## EXERCISE OBJECTIVE
Lines containing the word "acker" in the data below: say how many, with no other text.
::::::::::
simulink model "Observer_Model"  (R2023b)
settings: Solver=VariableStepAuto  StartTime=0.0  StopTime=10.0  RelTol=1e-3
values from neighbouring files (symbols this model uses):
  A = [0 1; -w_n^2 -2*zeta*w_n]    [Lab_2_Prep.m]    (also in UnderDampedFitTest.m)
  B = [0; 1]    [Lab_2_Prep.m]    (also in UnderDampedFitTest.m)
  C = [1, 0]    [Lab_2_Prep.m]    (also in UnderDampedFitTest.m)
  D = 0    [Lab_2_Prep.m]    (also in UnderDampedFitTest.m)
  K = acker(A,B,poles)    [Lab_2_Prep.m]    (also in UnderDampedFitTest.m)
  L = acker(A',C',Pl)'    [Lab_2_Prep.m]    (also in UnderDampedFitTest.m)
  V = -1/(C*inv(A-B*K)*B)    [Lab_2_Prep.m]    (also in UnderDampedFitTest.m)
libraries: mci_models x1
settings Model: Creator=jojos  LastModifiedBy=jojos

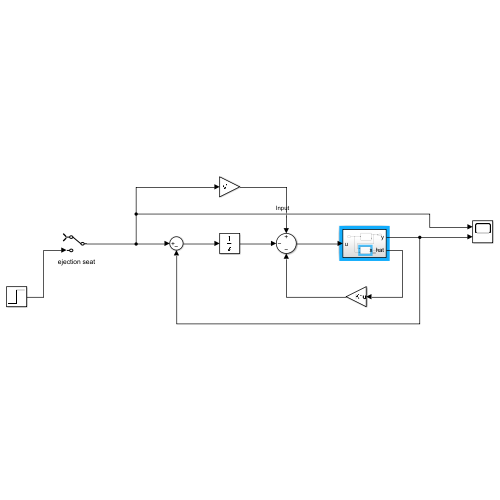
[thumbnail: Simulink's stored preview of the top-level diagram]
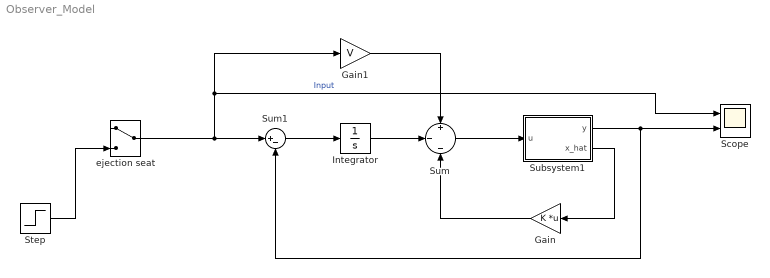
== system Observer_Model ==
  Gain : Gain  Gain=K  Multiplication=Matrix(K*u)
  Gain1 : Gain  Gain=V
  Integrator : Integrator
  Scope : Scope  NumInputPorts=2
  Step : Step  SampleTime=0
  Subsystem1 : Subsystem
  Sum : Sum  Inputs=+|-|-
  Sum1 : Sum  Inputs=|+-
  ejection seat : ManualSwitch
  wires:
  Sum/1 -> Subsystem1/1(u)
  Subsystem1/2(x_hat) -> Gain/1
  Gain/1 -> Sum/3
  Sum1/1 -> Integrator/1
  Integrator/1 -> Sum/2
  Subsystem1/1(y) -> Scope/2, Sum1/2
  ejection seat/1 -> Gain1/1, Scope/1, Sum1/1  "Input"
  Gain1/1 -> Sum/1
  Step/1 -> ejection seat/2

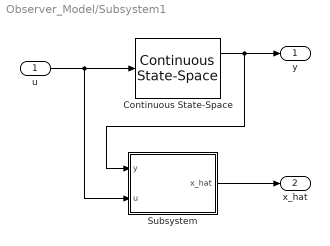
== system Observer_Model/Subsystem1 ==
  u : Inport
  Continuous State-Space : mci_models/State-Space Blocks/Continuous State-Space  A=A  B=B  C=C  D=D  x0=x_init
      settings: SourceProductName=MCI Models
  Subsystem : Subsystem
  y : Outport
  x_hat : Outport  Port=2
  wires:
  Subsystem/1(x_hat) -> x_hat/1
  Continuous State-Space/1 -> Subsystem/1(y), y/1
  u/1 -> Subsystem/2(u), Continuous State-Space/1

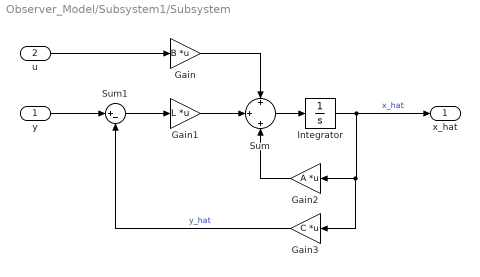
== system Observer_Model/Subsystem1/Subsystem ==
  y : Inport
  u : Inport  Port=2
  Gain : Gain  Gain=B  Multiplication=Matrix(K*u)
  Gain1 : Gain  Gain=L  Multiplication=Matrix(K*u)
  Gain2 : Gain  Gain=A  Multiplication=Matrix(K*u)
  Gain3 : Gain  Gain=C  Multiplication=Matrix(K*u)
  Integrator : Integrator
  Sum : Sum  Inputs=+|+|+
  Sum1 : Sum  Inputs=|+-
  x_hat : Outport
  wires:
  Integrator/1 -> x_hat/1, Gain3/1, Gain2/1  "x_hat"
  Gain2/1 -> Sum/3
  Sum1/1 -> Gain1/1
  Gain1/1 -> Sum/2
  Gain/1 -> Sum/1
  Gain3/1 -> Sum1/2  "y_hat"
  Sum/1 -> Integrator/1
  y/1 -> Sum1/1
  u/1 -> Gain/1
::::::::::
## ANSWER AREA
2